• _WHAT YOU HAVE TO DO_: Look through the material below and copy exactly the lines from the line with "PROFILE_A: J202.11, R201.2, U201.1 (A)" to the line with "ONE KEYED 20-CONTACT PROFILE ASSEMBLY", those two lines included.

[[ AVAILABLE DATA, beginning ]]

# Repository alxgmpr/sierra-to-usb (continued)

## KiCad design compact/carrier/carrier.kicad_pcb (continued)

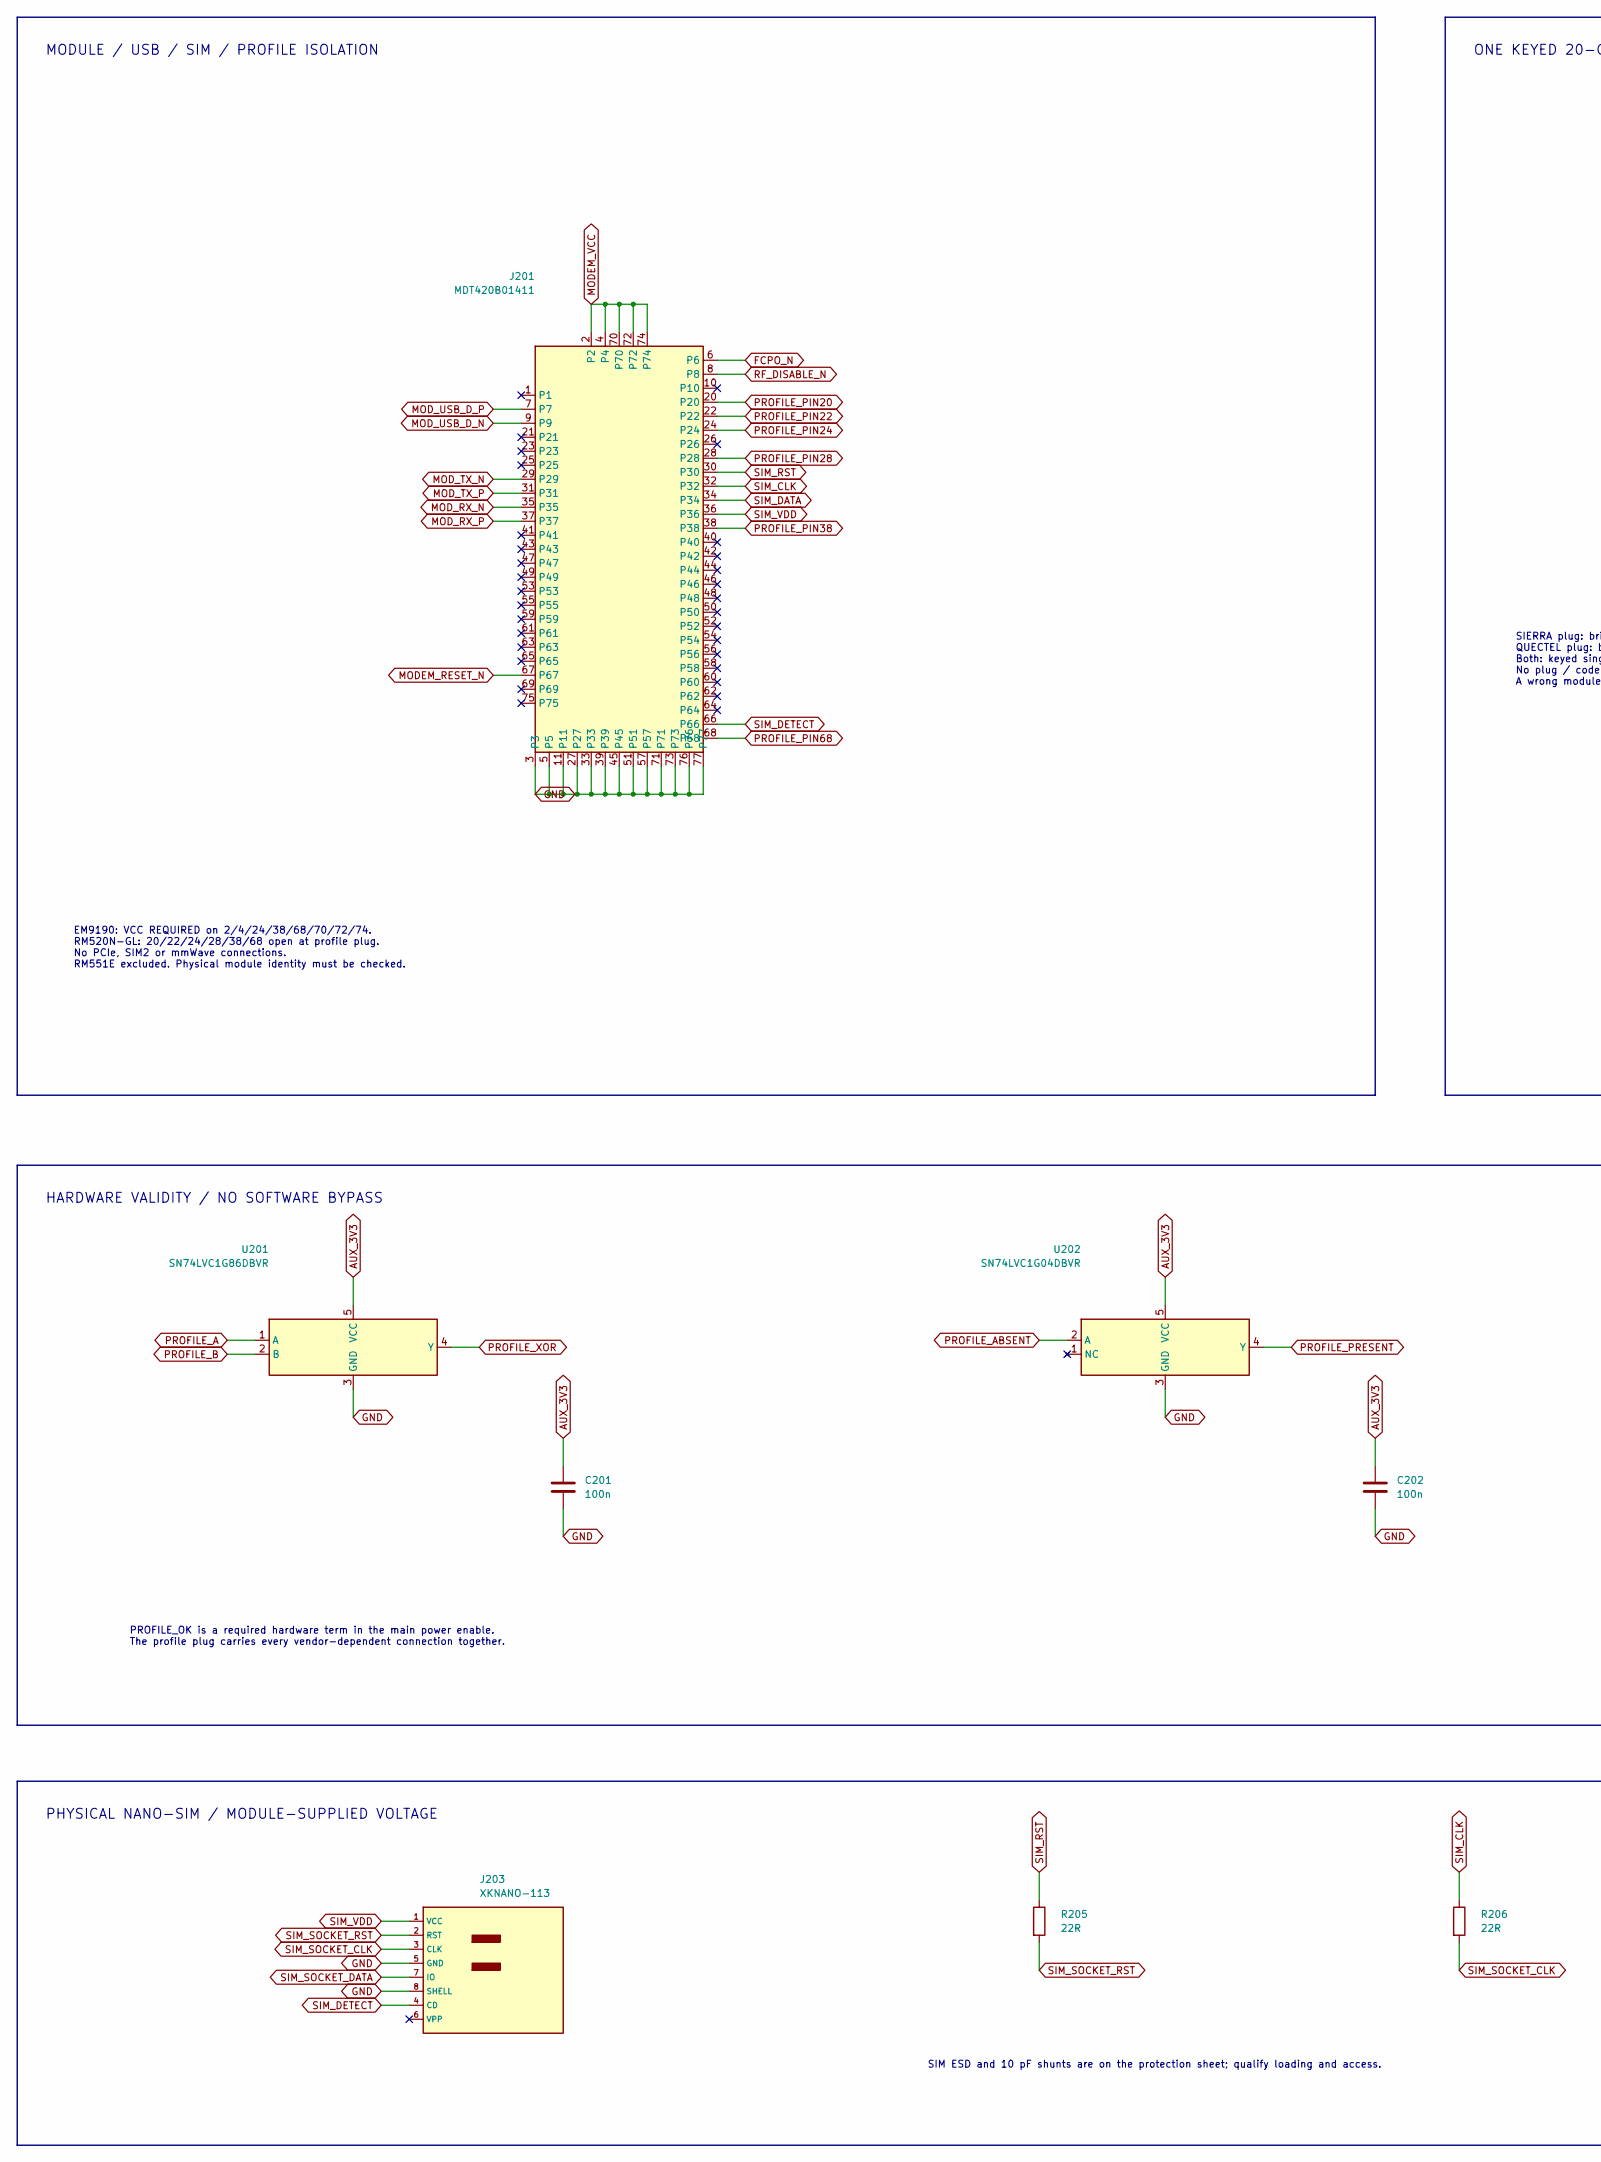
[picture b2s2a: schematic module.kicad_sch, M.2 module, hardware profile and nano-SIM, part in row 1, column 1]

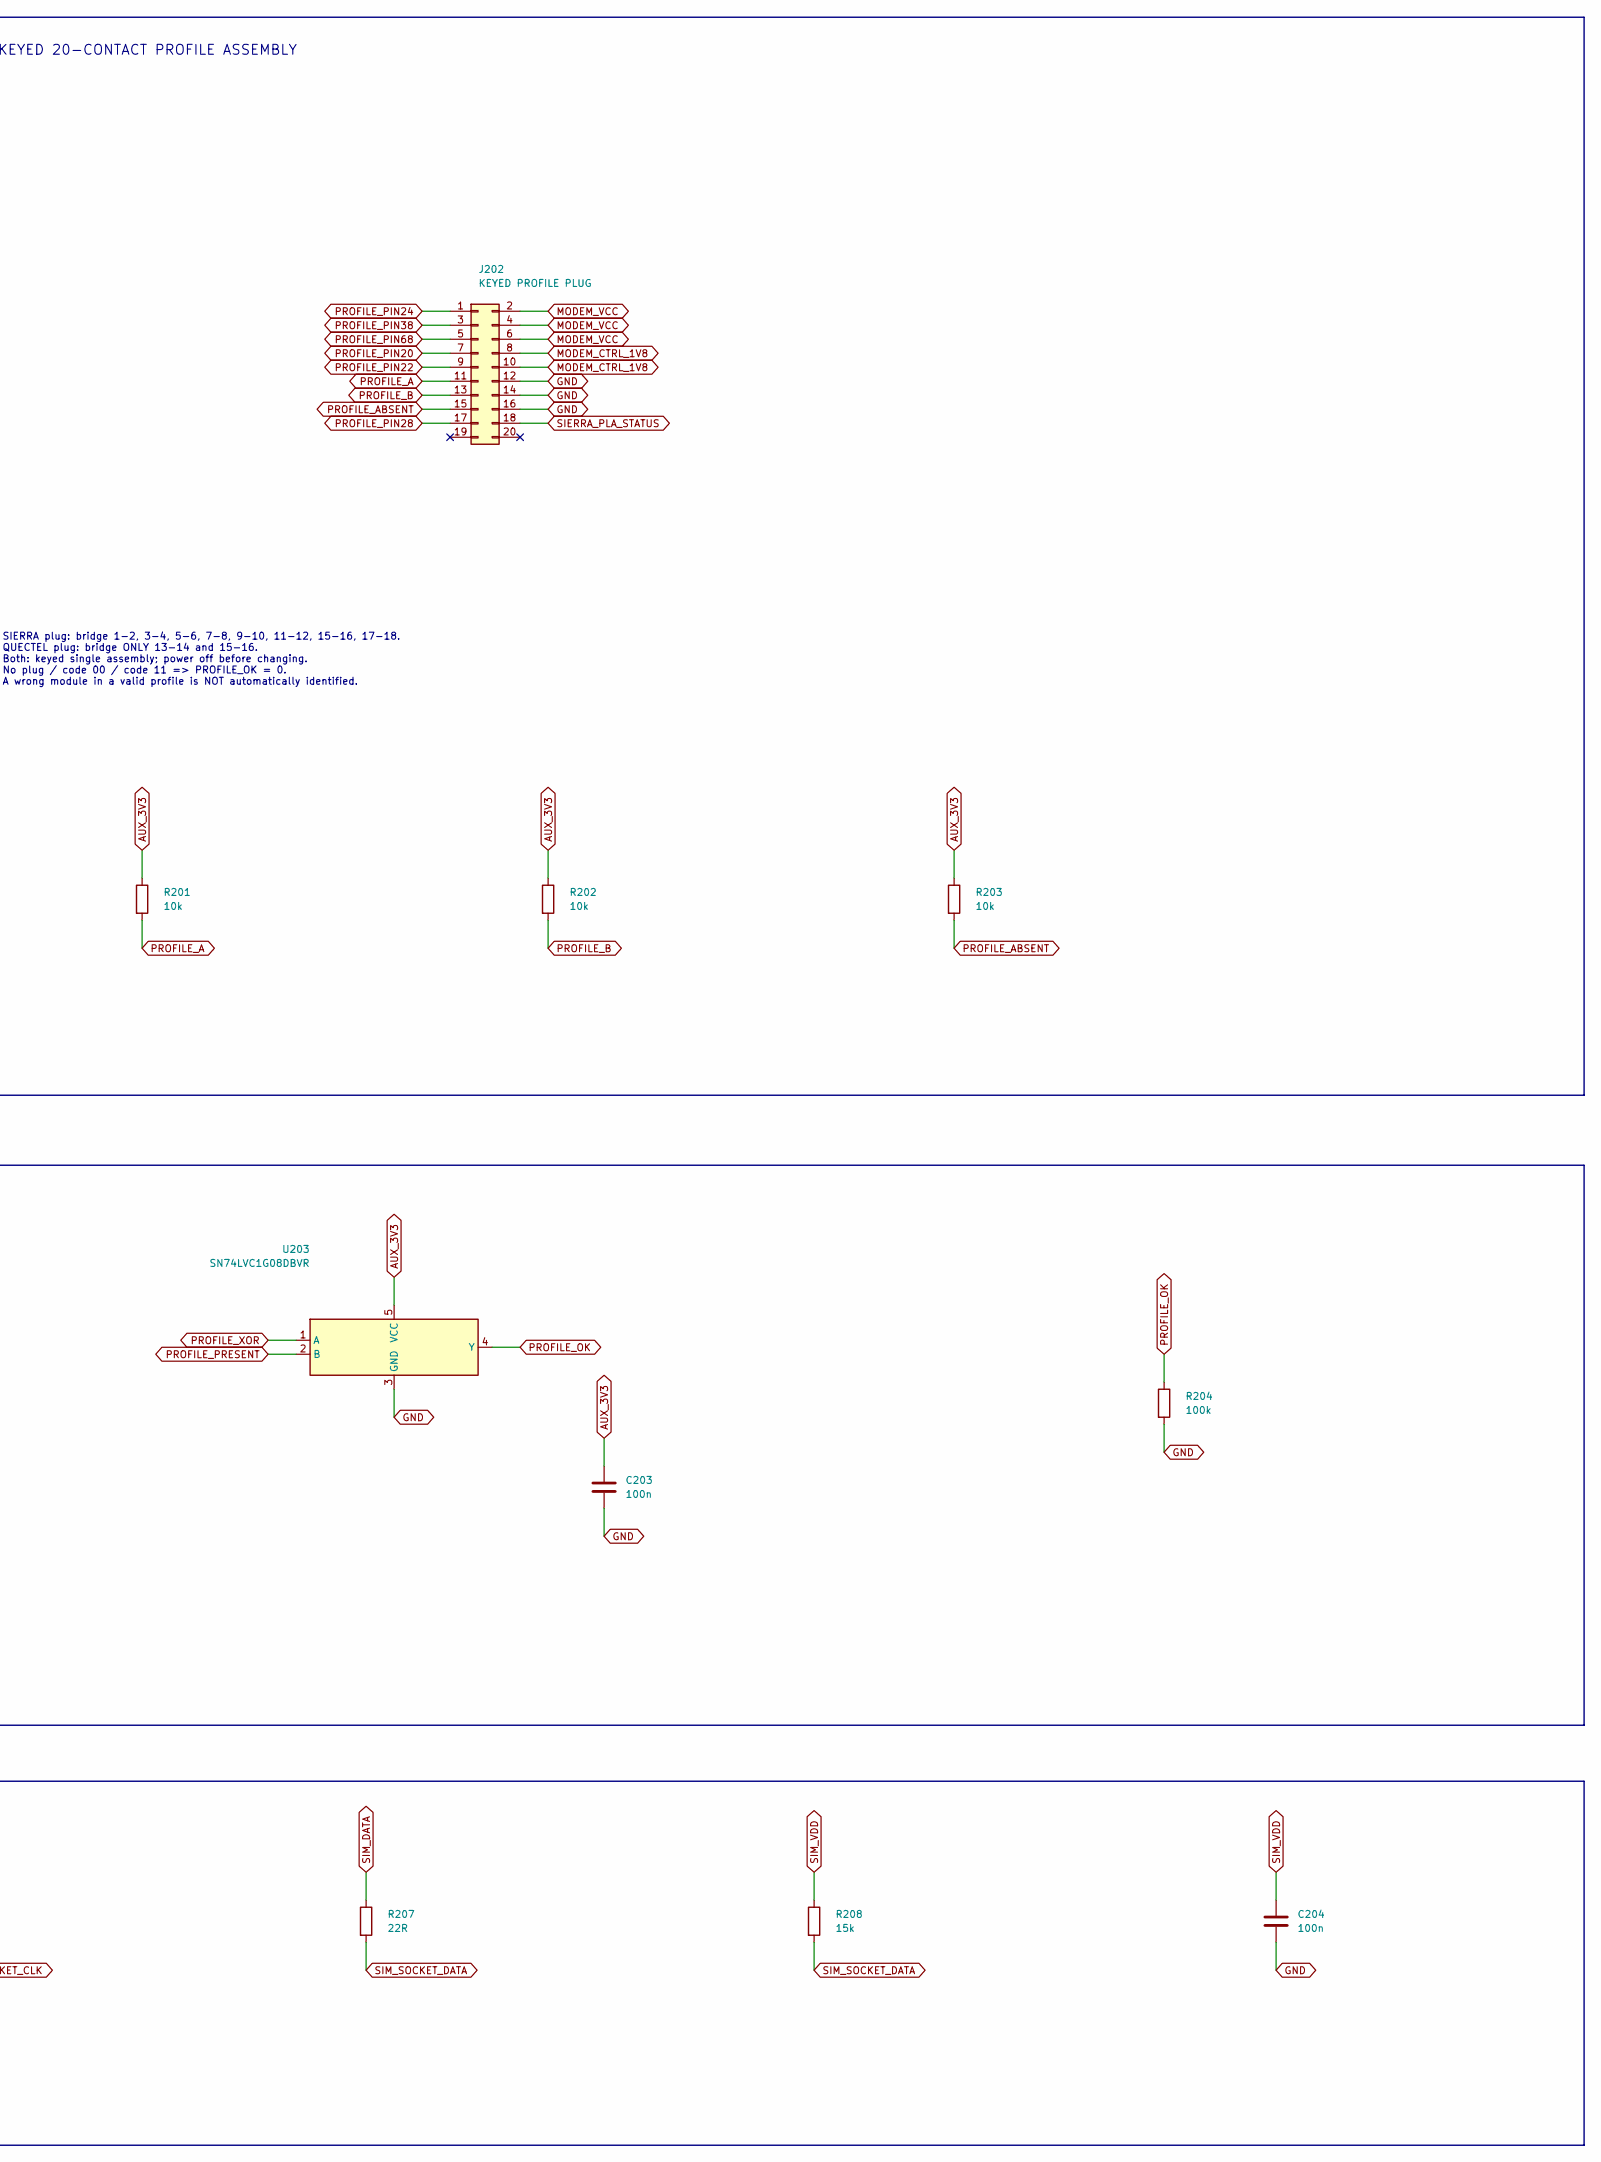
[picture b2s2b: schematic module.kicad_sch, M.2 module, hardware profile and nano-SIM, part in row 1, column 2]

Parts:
C201, C202, C203, C204: 100n; C_0805_2012Metric; MPN C2012X7R1H104K085AA
J201: MDT420B01411; M2_B_Amphenol_MDT420_1A; MPN MDT420B01411
J202: KEYED PROFILE PLUG; IDC_3M_N2520_6002_RB; MPN N2520-6002-RB
J203: XKNANO-113; NanoSIM_XKB_XKNANO-113; MPN XKNANO-113; LCSC C381071
R201, R202, R203: 10k; R_0603_1608Metric; MPN RC0603FR-0710KL
R204: 100k; R_0603_1608Metric; MPN RC0603FR-07100KL
R205, R206, R207: 22R; R_0603_1608Metric; MPN ERJ-3EKF22R0V
R208: 15k; R_0603_1608Metric; MPN RC0603FR-0715KL
U201: SN74LVC1G86DBVR; SOT-23-5; MPN SN74LVC1G86DBVR
U202: SN74LVC1G04DBVR; SOT-23-5; MPN SN74LVC1G04DBVR
U203: SN74LVC1G08DBVR; SOT-23-5; MPN SN74LVC1G08DBVR

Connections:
AUX_3V3: C201.1, C202.1, C203.1, R201.1, R202.1, R203.1, U201.5 (VCC), U202.5 (VCC), U203.5 (VCC); also elsewhere on the board
FCPO_N: J201.6; also elsewhere on the board
GND: C201.2, C202.2, C203.2, C204.2, J201.3, J201.5, J201.11, J201.27, J201.33, J201.39, J201.45, J201.51, J201.57, J201.71, J201.73, J201.76, J201.77, J202.12, J202.14, J202.16, J203.5 (GND), J203.8 (SHELL), R204.2, U201.3 (GND), U202.3 (GND), U203.3 (GND); also elsewhere on the board
MODEM_CTRL_1V8: J202.8, J202.10; also elsewhere on the board
MODEM_RESET_N: J201.67; also elsewhere on the board
MODEM_VCC: J201.2, J201.4, J201.70, J201.72, J201.74, J202.2, J202.4, J202.6; also elsewhere on the board
MOD_RX_N: J201.35; also elsewhere on the board
MOD_RX_P: J201.37; also elsewhere on the board
MOD_TX_N: J201.29; also elsewhere on the board
MOD_TX_P: J201.31; also elsewhere on the board
MOD_USB_D_N: J201.9; also elsewhere on the board
MOD_USB_D_P: J201.7; also elsewhere on the board
PROFILE_A: J202.11, R201.2, U201.1 (A)
PROFILE_ABSENT: J202.15, R203.2, U202.2 (A)
PROFILE_B: J202.13, R202.2, U201.2 (B)
PROFILE_OK: R204.1, U203.4 (Y); also elsewhere on the board
PROFILE_PIN20: J201.20, J202.7
PROFILE_PIN22: J201.22, J202.9
PROFILE_PIN24: J201.24, J202.1
PROFILE_PIN28: J201.28, J202.17
PROFILE_PIN38: J201.38, J202.3
PROFILE_PIN68: J201.68, J202.5
PROFILE_PRESENT: U202.4 (Y), U203.2 (B)
PROFILE_XOR: U201.4 (Y), U203.1 (A)
RF_DISABLE_N: J201.8; also elsewhere on the board
SIERRA_PLA_STATUS: J202.18; also elsewhere on the board
SIM_CLK: J201.32, R206.1
SIM_DATA: J201.34, R207.1
SIM_DETECT: J201.66, J203.4 (CD)
SIM_RST: J201.30, R205.1
SIM_SOCKET_CLK: J203.3 (CLK), R206.2; also elsewhere on the board
SIM_SOCKET_DATA: J203.7 (IO), R207.2, R208.2; also elsewhere on the board
SIM_SOCKET_RST: J203.2 (RST), R205.2; also elsewhere on the board
SIM_VDD: C204.1, J201.36, J203.1 (VCC), R208.1; also elsewhere on the board

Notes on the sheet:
MODULE / USB / SIM / PROFILE ISOLATION
EM9190: VCC REQUIRED on 2/4/24/38/68/70/72/74. RM520N-GL: 20/22/24/28/38/68 open at profile plug. No PCIe, SIM2 or mmWave connections. RM551E excluded. Physical module identity must be checked.
ONE KEYED 20-CONTACT PROFILE ASSEMBLY
SIERRA plug: bridge 1-2, 3-4, 5-6, 7-8, 9-10, 11-12, 15-16, 17-18. QUECTEL plug: bridge ONLY 13-14 and 15-16. Both: keyed single assembly; power off before changing. No plug / code 00 / code 11 => PROFILE_OK = 0. A wrong module in a valid profile is NOT automatically identified.
HARDWARE VALIDITY / NO SOFTWARE BYPASS
PROFILE_OK is a required hardware term in the main power enable. The profile plug carries every vendor-dependent connection together.
PHYSICAL NANO-SIM / MODULE-SUPPLIED VOLTAGE
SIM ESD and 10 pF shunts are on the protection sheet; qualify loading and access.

[[ AVAILABLE DATA, end ]]

• _PROBLEM SOLUTION_:
PROFILE_A: J202.11, R201.2, U201.1 (A)
PROFILE_ABSENT: J202.15, R203.2, U202.2 (A)
PROFILE_B: J202.13, R202.2, U201.2 (B)
PROFILE_OK: R204.1, U203.4 (Y); also elsewhere on the board
PROFILE_PIN20: J201.20, J202.7
PROFILE_PIN22: J201.22, J202.9
PROFILE_PIN24: J201.24, J202.1
PROFILE_PIN28: J201.28, J202.17
PROFILE_PIN38: J201.38, J202.3
PROFILE_PIN68: J201.68, J202.5
PROFILE_PRESENT: U202.4 (Y), U203.2 (B)
PROFILE_XOR: U201.4 (Y), U203.1 (A)
RF_DISABLE_N: J201.8; also elsewhere on the board
SIERRA_PLA_STATUS: J202.18; also elsewhere on the board
SIM_CLK: J201.32, R206.1
SIM_DATA: J201.34, R207.1
SIM_DETECT: J201.66, J203.4 (CD)
SIM_RST: J201.30, R205.1
SIM_SOCKET_CLK: J203.3 (CLK), R206.2; also elsewhere on the board
SIM_SOCKET_DATA: J203.7 (IO), R207.2, R208.2; also elsewhere on the board
SIM_SOCKET_RST: J203.2 (RST), R205.2; also elsewhere on the board
SIM_VDD: C204.1, J201.36, J203.1 (VCC), R208.1; also elsewhere on the board

Notes on the sheet:
MODULE / USB / SIM / PROFILE ISOLATION
EM9190: VCC REQUIRED on 2/4/24/38/68/70/72/74. RM520N-GL: 20/22/24/28/38/68 open at profile plug. No PCIe, SIM2 or mmWave connections. RM551E excluded. Physical module identity must be checked.
ONE KEYED 20-CONTACT PROFILE ASSEMBLY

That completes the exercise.